● **WORK TO COMPLETE**
Every line of the entries that holds the word "StopTime" is to be copied.

● **Records from a collection**
BEGIN
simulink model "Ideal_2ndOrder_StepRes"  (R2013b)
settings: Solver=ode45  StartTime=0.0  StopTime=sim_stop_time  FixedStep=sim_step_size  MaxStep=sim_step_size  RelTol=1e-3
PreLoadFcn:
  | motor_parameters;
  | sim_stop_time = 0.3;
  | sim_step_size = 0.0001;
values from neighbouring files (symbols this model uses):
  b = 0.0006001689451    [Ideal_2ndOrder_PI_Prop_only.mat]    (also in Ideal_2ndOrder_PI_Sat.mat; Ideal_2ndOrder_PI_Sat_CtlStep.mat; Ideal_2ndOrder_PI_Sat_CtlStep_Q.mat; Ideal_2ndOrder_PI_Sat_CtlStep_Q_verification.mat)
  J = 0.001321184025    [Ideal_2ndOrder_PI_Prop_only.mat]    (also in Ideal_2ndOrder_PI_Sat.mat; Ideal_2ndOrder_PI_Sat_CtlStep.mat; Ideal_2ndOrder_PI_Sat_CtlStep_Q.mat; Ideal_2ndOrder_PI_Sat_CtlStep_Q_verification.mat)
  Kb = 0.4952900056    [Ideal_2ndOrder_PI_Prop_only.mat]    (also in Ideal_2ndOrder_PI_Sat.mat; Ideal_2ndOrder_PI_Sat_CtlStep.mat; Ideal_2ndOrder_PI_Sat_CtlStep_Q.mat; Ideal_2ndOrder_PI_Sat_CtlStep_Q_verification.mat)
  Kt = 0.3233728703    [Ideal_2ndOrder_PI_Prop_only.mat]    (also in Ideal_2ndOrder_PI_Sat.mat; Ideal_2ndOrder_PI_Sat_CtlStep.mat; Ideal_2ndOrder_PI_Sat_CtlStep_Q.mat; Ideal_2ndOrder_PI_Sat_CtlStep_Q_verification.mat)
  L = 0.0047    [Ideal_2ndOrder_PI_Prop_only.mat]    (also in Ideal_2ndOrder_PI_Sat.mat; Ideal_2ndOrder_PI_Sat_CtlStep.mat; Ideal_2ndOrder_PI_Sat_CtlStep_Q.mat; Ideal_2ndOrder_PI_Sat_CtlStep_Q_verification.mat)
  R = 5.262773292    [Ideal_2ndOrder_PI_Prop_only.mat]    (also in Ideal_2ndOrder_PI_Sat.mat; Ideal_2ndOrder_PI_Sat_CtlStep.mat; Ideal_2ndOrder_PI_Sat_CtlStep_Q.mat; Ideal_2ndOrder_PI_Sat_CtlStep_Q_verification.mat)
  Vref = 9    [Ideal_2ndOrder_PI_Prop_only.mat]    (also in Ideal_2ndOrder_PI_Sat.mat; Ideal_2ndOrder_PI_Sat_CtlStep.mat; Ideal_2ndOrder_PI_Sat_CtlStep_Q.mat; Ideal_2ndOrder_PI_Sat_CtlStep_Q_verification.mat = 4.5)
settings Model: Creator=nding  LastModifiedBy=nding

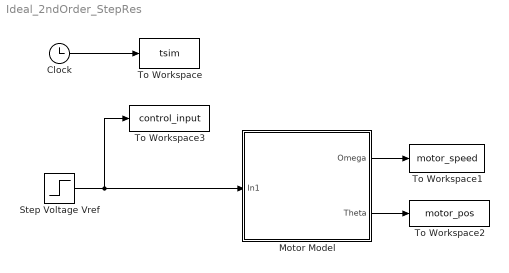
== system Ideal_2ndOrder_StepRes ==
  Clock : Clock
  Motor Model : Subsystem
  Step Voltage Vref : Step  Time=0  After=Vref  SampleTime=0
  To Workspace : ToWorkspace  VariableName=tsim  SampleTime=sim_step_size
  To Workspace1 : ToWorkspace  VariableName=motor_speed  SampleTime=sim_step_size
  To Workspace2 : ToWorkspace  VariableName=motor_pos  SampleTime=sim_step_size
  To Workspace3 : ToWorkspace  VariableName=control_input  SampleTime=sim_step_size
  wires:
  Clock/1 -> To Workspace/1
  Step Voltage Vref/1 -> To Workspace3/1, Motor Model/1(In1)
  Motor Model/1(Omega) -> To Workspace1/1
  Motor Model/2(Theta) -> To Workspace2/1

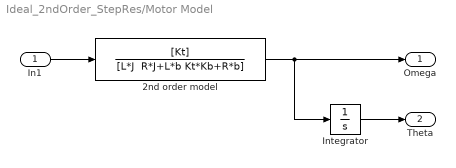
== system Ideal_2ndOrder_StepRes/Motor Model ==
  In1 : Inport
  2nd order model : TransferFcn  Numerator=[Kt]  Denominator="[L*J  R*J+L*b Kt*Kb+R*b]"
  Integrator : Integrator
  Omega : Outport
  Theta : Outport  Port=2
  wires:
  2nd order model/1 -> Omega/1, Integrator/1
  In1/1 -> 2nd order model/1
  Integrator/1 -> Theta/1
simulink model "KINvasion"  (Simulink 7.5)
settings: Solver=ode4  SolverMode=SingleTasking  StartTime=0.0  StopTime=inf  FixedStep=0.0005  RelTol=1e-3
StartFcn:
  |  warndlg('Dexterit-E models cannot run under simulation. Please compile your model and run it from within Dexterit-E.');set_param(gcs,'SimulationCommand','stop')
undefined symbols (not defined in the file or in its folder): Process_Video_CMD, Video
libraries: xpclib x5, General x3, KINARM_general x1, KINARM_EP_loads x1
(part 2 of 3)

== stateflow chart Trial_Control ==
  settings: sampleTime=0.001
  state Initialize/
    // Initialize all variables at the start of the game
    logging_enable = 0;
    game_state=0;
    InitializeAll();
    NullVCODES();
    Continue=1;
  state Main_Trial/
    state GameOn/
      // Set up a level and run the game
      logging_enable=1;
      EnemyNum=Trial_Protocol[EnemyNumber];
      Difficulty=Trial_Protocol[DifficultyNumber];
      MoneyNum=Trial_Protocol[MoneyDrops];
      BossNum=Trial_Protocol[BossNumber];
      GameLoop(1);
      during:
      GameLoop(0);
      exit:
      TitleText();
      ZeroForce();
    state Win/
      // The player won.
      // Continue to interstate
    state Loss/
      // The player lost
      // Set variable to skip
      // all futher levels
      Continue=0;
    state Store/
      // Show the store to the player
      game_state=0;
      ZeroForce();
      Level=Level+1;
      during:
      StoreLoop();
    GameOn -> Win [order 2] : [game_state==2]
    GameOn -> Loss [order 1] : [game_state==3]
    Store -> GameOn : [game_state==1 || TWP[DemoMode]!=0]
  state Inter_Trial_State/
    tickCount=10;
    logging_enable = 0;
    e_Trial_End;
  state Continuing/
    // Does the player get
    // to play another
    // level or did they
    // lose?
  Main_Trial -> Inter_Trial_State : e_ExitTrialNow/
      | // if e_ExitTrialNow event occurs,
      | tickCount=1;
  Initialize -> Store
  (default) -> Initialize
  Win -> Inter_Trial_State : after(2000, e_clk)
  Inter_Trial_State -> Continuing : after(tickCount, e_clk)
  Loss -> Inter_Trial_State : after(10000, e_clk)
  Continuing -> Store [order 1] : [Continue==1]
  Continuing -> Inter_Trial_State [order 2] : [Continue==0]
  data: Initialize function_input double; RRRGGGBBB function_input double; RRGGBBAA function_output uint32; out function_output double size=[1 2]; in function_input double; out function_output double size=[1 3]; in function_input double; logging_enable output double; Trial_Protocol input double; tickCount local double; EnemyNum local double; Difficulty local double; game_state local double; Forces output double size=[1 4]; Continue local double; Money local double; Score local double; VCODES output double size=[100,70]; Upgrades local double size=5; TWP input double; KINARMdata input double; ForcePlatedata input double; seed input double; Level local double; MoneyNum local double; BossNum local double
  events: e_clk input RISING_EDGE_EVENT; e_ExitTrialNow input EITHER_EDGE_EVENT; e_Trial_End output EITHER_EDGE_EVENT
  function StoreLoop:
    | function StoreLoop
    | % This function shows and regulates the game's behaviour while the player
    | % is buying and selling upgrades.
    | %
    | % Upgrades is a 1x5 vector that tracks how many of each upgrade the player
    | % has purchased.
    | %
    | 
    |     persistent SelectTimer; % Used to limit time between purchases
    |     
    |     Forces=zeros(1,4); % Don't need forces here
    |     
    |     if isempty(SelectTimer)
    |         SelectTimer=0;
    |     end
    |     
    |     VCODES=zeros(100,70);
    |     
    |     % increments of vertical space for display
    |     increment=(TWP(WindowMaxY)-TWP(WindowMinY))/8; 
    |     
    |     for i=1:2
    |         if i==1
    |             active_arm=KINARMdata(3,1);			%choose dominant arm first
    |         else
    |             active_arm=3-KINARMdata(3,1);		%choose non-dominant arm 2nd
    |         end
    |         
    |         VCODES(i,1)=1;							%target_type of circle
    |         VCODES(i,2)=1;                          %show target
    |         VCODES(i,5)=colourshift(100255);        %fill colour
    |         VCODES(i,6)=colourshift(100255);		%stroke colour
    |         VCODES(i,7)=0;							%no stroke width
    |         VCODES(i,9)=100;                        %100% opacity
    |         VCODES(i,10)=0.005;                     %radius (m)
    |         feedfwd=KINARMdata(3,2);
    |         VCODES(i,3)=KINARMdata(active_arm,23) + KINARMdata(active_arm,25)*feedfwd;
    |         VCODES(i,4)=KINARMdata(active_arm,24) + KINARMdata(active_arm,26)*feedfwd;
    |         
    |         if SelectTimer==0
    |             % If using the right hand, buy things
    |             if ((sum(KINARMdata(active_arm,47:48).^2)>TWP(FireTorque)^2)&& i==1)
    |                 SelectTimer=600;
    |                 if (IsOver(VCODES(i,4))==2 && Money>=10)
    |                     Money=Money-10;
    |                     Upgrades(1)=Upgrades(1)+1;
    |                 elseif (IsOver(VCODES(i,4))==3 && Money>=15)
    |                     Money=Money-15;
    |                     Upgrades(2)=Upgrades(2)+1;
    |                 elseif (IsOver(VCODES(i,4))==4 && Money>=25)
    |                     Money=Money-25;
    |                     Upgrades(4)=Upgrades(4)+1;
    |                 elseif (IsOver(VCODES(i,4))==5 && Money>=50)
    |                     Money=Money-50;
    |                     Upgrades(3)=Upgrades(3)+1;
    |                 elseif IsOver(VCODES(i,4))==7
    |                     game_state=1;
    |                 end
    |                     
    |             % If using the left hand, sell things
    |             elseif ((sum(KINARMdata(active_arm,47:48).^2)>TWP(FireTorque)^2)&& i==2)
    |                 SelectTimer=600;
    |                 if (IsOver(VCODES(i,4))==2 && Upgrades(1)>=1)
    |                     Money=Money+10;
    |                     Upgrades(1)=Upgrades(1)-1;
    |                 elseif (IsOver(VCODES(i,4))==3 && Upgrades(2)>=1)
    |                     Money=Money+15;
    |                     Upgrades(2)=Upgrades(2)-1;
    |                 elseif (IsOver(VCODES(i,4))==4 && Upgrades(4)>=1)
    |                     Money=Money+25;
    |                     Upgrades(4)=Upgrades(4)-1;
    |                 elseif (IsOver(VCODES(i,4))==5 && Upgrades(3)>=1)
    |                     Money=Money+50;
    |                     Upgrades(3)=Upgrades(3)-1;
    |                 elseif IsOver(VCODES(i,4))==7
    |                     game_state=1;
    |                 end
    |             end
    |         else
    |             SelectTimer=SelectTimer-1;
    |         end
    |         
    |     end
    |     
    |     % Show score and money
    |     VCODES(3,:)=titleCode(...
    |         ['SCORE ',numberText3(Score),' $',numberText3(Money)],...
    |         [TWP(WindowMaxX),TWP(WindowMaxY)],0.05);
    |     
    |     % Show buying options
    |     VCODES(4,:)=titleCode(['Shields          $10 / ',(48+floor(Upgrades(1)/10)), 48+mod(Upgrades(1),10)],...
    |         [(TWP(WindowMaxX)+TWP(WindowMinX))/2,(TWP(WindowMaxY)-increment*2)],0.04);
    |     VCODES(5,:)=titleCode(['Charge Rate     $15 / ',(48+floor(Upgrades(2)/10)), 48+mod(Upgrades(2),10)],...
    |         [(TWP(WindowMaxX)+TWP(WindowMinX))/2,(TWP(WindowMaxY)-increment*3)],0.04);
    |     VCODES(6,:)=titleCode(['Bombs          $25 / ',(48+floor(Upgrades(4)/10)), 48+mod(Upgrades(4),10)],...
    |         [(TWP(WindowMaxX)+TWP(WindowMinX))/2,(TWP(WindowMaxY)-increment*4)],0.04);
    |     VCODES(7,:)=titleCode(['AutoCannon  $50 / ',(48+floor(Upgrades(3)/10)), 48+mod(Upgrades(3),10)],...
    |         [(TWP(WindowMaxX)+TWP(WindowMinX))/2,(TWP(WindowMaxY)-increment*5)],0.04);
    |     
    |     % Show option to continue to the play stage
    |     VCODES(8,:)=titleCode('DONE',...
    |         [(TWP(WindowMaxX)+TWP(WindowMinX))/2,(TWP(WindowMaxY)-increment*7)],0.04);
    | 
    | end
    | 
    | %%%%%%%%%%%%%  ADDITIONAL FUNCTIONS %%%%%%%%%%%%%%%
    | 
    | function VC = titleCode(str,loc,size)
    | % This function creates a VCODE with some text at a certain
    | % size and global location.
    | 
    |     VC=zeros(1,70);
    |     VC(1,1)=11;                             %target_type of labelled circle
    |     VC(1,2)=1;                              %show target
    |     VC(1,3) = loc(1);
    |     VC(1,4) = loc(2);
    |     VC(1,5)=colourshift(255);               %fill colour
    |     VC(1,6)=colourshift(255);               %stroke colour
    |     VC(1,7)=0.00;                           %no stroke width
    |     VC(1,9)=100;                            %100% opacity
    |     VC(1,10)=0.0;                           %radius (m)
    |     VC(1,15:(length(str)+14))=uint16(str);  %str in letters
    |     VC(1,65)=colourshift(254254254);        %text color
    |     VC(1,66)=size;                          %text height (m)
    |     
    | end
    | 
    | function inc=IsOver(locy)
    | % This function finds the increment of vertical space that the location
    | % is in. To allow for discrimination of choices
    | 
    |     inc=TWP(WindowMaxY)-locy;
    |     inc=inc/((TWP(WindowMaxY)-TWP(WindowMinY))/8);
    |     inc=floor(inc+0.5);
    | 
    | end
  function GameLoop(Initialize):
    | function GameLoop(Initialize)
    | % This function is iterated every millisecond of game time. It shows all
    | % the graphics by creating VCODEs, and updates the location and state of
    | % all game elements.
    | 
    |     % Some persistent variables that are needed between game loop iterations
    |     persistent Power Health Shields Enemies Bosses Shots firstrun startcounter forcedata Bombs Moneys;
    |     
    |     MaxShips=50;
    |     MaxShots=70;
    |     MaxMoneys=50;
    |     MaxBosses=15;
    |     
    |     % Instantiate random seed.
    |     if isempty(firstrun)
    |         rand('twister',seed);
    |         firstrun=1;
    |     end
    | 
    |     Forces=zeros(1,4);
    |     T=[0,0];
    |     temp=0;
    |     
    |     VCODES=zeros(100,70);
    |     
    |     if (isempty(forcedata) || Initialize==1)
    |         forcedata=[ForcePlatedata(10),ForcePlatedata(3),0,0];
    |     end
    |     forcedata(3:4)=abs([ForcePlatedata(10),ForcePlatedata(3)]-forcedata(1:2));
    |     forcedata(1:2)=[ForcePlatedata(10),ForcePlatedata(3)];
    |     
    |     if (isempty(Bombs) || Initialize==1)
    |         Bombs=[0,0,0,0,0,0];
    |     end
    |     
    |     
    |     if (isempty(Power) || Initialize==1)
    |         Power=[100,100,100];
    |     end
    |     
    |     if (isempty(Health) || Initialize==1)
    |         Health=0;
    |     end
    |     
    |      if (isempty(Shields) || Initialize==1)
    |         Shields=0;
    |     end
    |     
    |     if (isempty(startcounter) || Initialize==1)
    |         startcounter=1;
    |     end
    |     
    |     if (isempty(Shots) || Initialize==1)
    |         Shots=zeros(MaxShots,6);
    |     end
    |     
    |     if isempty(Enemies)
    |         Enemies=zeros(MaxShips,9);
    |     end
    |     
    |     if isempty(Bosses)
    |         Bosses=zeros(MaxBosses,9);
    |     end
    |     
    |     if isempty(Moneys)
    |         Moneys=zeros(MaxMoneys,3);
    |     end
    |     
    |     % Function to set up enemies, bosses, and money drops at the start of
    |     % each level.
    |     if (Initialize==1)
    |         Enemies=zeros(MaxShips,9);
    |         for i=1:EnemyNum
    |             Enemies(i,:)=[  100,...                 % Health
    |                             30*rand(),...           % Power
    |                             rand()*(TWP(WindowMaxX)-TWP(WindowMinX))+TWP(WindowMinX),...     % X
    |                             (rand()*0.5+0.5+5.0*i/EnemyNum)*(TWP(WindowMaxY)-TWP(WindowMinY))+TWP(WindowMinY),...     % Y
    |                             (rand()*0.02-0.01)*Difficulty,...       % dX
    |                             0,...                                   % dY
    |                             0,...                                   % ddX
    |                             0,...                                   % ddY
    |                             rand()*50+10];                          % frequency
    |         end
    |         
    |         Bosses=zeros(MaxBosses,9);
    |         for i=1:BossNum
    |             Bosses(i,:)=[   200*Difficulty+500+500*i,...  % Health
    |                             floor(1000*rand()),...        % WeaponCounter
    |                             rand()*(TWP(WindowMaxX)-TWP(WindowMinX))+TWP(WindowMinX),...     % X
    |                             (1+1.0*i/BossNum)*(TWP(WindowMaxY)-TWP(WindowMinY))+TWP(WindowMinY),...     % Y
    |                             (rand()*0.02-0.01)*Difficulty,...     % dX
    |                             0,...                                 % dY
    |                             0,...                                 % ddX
END
● **OUTPUT OF THE TASK**
settings: Solver=ode45  StartTime=0.0  StopTime=sim_stop_time  FixedStep=sim_step_size  MaxStep=sim_step_size  RelTol=1e-3
settings: Solver=ode4  SolverMode=SingleTasking  StartTime=0.0  StopTime=inf  FixedStep=0.0005  RelTol=1e-3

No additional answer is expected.